- WHAT YOU ARE ASKED TO DO -
Find the line with "Sine Wave1/1 -> Mux1/2". Repeat it and each line after it, exactly, down to the end of the records below.

BEGIN RECORDS SUPPLIED

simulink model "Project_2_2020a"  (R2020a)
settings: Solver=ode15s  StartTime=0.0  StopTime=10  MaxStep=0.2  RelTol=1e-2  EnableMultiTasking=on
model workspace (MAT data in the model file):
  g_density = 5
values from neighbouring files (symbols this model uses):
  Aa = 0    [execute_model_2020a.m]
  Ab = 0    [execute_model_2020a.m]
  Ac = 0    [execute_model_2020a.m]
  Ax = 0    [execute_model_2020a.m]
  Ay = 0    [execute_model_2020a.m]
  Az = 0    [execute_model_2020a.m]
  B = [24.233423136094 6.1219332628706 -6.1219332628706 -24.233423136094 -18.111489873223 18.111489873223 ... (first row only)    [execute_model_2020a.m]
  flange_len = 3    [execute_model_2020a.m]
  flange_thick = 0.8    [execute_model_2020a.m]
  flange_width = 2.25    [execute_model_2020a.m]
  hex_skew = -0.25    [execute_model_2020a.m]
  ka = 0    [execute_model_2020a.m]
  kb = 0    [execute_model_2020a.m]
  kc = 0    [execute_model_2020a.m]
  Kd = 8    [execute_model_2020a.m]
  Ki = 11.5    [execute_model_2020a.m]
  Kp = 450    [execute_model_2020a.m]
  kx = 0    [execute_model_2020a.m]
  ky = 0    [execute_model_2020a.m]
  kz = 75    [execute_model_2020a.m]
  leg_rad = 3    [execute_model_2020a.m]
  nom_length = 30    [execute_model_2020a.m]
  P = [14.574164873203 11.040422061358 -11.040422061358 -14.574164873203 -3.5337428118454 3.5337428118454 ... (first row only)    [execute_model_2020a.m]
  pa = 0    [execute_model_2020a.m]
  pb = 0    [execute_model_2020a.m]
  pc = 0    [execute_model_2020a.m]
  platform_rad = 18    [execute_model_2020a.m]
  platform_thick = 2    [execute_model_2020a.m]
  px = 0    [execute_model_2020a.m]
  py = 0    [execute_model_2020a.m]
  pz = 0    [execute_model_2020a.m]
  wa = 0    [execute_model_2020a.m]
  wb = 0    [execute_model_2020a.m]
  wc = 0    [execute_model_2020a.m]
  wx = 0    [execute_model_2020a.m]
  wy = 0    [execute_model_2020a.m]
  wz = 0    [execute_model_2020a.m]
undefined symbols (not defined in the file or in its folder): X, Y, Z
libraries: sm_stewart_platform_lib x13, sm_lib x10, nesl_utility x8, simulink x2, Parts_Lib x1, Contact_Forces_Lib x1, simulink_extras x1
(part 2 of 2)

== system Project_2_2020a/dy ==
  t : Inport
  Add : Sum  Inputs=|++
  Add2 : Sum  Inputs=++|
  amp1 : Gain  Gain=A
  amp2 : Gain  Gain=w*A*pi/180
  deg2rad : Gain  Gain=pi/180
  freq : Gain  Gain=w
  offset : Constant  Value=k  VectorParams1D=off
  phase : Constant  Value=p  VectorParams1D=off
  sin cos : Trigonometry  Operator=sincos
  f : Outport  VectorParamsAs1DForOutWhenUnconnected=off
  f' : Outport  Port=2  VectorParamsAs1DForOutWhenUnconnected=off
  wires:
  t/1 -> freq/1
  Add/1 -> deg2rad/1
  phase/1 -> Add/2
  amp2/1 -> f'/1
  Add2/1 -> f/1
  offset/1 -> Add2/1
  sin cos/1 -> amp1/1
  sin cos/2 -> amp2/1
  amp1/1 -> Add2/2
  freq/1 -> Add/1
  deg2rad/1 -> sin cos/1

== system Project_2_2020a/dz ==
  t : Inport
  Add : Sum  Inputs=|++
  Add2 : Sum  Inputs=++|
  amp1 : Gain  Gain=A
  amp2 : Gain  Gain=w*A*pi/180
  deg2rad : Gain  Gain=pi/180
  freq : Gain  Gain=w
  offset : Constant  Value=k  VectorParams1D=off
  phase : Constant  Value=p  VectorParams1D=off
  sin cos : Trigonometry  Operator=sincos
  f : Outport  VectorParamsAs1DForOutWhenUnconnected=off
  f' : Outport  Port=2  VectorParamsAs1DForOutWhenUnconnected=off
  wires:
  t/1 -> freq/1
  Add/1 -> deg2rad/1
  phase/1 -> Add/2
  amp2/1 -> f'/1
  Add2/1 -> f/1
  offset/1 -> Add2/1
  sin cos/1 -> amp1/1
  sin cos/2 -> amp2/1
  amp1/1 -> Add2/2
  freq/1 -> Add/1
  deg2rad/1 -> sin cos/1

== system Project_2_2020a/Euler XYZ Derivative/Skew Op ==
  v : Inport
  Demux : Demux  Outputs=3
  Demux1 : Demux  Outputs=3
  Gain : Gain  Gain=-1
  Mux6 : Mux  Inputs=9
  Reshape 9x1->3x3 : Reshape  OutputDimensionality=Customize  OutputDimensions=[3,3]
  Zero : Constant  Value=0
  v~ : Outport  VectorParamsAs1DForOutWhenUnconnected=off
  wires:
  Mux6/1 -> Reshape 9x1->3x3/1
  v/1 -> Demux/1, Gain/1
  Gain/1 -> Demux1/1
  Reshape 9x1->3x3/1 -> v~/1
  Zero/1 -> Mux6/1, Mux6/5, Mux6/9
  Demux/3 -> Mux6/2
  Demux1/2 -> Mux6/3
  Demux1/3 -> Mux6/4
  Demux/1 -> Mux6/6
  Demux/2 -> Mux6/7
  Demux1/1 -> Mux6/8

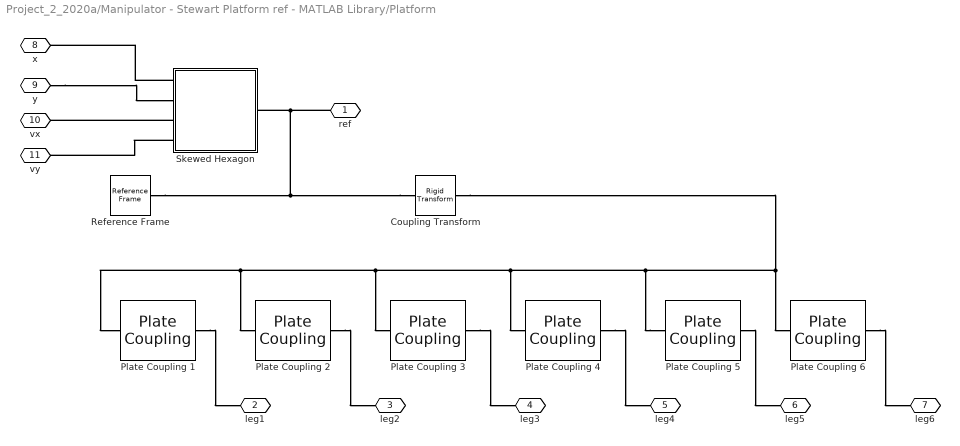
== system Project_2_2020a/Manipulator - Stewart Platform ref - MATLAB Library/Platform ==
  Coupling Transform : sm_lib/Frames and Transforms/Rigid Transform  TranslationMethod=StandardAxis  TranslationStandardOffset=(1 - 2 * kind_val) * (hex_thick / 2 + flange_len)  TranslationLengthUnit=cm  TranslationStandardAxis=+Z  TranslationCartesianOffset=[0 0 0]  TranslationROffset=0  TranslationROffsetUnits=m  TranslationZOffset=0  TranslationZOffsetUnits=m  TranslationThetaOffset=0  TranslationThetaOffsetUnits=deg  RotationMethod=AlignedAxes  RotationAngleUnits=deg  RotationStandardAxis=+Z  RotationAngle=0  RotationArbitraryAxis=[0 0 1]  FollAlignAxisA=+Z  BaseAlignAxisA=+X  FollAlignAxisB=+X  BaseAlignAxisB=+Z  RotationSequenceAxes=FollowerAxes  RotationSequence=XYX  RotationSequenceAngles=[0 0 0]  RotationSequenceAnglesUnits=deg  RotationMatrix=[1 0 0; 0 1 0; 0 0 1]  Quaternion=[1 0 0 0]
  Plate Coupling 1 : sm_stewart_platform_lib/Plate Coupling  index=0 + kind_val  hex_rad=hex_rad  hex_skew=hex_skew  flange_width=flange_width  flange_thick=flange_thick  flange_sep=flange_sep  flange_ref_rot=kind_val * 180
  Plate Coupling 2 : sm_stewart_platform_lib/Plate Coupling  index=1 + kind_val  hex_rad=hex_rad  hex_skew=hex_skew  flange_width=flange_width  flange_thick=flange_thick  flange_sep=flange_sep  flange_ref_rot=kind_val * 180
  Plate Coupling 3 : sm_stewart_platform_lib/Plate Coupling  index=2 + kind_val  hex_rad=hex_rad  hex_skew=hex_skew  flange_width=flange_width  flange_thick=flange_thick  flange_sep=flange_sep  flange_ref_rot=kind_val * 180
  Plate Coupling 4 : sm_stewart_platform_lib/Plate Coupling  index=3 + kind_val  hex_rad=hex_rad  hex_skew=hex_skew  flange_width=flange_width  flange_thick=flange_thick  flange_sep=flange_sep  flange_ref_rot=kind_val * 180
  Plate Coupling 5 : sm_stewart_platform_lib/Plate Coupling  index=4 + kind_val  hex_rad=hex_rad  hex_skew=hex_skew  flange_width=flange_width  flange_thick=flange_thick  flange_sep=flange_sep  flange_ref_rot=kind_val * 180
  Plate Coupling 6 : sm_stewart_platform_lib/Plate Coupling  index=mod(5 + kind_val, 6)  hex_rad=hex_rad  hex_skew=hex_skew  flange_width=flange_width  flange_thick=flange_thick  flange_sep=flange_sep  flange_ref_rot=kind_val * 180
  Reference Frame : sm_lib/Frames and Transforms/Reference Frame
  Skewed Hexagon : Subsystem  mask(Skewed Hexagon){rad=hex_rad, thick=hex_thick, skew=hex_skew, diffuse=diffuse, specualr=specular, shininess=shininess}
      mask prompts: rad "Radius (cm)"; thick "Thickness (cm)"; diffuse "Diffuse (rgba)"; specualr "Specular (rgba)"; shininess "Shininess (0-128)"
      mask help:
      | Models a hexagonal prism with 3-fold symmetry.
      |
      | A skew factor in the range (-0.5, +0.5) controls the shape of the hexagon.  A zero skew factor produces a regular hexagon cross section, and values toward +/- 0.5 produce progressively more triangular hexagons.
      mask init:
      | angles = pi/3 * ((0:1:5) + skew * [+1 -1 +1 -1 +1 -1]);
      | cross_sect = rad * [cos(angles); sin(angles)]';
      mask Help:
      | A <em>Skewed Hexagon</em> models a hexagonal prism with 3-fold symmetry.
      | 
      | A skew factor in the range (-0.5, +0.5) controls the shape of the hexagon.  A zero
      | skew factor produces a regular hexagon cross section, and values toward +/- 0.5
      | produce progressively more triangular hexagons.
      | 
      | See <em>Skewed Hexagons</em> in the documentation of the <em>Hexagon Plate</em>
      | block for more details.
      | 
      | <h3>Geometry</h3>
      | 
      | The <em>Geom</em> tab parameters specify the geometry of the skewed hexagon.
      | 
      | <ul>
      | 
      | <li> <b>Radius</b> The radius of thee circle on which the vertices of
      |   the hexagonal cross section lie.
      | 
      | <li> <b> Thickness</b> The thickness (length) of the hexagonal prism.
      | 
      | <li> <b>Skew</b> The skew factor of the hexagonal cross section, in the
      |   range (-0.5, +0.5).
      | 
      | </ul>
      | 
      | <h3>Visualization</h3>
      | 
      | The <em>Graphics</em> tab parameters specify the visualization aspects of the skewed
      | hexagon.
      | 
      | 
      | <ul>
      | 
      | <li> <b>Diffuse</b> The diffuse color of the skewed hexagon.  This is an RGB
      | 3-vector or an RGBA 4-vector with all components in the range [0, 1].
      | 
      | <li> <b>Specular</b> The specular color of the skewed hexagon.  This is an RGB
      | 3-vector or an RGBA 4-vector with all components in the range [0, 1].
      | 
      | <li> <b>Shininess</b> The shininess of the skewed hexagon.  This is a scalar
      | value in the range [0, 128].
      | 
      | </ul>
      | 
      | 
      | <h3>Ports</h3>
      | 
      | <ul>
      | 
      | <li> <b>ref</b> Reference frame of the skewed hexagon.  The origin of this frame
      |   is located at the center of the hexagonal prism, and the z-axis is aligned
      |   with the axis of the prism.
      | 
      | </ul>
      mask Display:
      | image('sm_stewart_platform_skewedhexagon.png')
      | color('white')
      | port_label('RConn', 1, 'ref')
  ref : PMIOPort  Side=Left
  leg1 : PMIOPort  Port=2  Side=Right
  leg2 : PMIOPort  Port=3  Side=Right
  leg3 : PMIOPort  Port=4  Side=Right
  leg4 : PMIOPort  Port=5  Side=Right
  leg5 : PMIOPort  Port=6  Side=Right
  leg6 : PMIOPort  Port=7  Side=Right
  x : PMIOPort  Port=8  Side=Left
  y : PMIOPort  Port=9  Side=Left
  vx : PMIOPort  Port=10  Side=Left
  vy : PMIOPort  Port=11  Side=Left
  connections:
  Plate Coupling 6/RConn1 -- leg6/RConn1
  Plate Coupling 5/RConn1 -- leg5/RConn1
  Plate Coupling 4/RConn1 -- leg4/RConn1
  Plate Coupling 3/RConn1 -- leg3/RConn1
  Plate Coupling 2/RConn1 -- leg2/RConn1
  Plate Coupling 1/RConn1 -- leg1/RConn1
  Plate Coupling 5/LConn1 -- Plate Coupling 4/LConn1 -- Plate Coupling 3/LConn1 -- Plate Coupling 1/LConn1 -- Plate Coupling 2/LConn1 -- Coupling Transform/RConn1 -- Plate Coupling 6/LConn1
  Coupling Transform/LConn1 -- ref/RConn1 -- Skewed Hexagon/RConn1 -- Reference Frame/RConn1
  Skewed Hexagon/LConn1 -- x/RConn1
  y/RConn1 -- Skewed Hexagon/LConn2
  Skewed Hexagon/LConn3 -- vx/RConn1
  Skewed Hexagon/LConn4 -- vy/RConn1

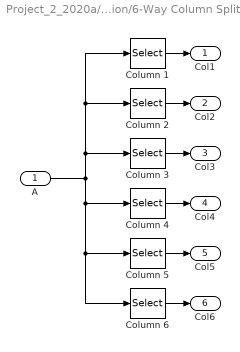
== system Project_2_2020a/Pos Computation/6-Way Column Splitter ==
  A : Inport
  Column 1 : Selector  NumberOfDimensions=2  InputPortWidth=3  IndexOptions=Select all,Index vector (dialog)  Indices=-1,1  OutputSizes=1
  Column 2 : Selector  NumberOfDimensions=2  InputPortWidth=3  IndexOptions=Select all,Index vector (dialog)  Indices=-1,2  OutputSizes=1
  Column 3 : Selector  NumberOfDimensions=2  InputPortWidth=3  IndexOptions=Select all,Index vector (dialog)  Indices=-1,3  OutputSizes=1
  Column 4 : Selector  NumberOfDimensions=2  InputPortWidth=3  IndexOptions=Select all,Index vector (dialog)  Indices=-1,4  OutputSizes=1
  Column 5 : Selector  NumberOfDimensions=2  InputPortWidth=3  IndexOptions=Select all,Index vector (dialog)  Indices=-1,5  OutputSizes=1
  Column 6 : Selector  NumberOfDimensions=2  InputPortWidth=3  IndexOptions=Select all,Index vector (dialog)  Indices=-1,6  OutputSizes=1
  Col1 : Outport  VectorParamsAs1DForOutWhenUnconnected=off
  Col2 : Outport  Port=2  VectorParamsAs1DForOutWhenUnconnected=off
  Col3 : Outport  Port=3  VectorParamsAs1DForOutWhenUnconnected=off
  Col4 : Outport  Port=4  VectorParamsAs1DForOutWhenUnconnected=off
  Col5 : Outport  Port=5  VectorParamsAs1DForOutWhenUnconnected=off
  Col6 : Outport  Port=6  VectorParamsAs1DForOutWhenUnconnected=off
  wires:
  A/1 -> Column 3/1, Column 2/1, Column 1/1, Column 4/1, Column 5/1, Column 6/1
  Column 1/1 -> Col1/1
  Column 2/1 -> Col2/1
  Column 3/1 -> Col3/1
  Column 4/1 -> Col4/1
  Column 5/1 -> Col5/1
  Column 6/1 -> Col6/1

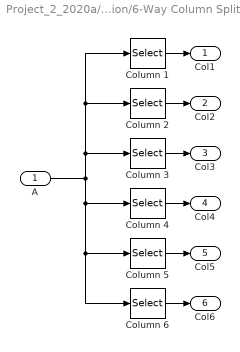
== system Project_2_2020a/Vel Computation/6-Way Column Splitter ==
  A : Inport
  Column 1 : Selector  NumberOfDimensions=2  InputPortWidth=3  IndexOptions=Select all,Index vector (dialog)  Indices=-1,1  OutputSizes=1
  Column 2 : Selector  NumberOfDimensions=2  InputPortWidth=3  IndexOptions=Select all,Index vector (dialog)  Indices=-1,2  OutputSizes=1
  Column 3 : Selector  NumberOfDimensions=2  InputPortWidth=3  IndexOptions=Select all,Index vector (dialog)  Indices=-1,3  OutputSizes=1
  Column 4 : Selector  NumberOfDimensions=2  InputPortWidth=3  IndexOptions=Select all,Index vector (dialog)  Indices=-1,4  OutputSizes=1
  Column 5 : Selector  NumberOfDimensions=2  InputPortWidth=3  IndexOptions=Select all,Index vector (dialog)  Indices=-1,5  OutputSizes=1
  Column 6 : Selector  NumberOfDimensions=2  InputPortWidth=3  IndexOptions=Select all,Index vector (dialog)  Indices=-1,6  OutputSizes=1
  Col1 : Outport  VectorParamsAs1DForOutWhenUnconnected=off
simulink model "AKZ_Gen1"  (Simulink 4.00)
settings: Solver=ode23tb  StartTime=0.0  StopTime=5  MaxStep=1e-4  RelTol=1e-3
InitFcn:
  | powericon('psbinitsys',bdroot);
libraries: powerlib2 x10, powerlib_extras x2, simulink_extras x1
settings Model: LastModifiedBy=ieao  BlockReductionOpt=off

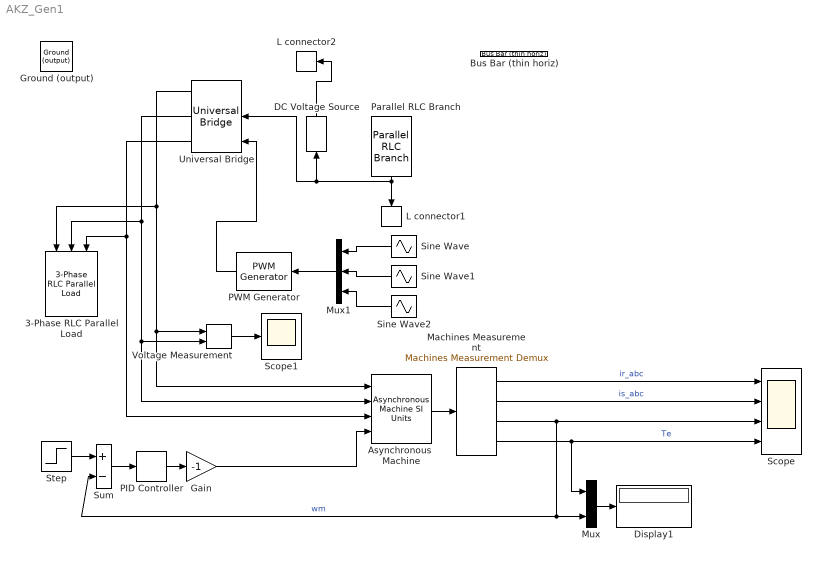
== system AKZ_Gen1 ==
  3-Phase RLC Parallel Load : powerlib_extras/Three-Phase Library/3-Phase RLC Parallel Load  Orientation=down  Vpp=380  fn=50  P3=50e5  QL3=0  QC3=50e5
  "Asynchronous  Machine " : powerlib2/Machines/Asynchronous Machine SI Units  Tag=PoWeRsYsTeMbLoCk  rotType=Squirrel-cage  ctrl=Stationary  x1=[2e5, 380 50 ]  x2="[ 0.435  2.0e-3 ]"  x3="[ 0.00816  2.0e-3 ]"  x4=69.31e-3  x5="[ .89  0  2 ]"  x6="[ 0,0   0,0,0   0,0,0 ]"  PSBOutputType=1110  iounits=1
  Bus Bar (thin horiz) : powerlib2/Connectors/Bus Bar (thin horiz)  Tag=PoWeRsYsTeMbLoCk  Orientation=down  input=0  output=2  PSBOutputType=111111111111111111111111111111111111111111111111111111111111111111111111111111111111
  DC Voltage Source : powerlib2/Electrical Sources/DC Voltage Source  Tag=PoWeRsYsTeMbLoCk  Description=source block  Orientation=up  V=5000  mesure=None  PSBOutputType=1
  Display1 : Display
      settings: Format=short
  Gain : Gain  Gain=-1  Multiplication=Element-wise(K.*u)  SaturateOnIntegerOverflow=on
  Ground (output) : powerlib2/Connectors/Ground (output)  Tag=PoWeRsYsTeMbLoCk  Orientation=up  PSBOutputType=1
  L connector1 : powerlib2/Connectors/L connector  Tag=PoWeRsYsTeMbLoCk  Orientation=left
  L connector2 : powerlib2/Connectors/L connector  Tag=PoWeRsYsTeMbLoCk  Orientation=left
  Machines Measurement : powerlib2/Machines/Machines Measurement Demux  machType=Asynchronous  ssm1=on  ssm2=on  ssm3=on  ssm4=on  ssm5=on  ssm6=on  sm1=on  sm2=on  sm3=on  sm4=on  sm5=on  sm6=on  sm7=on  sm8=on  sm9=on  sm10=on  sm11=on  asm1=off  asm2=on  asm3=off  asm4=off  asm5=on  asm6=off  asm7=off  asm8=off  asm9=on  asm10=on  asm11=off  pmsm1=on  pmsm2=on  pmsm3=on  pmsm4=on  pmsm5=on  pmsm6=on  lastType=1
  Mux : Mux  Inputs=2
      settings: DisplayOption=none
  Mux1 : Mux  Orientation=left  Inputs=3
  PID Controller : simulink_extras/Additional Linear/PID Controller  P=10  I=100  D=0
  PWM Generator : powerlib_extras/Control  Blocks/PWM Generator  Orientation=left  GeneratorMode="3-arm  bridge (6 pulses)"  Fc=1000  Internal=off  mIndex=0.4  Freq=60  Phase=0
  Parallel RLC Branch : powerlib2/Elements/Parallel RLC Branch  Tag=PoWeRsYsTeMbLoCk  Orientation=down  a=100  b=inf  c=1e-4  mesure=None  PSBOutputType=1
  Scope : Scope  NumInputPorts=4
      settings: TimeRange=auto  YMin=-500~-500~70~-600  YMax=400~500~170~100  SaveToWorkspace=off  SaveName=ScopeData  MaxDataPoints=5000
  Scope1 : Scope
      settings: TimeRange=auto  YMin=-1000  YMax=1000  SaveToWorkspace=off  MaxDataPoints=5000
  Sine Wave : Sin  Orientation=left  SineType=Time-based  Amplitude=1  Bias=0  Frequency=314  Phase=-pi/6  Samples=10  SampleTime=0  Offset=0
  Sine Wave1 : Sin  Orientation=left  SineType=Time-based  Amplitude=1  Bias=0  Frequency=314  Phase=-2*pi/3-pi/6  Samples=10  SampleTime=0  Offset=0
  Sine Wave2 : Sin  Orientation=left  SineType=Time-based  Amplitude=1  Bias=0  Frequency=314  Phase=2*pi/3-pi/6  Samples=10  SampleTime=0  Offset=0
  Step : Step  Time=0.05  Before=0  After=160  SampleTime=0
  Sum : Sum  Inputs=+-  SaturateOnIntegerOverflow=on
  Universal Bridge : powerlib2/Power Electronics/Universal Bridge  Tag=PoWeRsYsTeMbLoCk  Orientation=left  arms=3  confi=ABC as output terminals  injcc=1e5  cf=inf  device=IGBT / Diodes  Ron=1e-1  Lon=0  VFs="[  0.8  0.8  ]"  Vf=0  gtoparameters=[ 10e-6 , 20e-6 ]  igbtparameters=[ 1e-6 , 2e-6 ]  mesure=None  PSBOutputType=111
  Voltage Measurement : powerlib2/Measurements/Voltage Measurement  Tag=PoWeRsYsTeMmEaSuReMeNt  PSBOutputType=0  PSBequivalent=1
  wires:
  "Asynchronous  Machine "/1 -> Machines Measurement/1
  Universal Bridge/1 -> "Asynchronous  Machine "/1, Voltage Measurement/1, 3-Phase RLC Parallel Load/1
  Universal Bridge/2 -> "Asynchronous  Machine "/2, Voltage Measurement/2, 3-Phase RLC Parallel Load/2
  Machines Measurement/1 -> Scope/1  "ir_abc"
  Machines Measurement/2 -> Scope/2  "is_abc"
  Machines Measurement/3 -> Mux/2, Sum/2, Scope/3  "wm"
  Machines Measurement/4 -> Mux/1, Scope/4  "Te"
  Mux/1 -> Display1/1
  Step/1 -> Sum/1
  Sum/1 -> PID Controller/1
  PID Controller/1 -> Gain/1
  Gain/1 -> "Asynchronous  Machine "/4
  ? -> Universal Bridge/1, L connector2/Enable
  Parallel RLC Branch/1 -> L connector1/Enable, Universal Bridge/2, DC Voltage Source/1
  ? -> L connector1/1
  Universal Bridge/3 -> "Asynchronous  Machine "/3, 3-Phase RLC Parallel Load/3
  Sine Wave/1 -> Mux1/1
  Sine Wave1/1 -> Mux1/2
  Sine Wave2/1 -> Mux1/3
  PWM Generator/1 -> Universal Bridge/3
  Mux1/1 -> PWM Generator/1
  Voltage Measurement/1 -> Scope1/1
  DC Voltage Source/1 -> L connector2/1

END RECORDS SUPPLIED

- SOLUTION TO THE PROBLEM -
  Sine Wave1/1 -> Mux1/2
  Sine Wave2/1 -> Mux1/3
  PWM Generator/1 -> Universal Bridge/3
  Mux1/1 -> PWM Generator/1
  Voltage Measurement/1 -> Scope1/1
  DC Voltage Source/1 -> L connector2/1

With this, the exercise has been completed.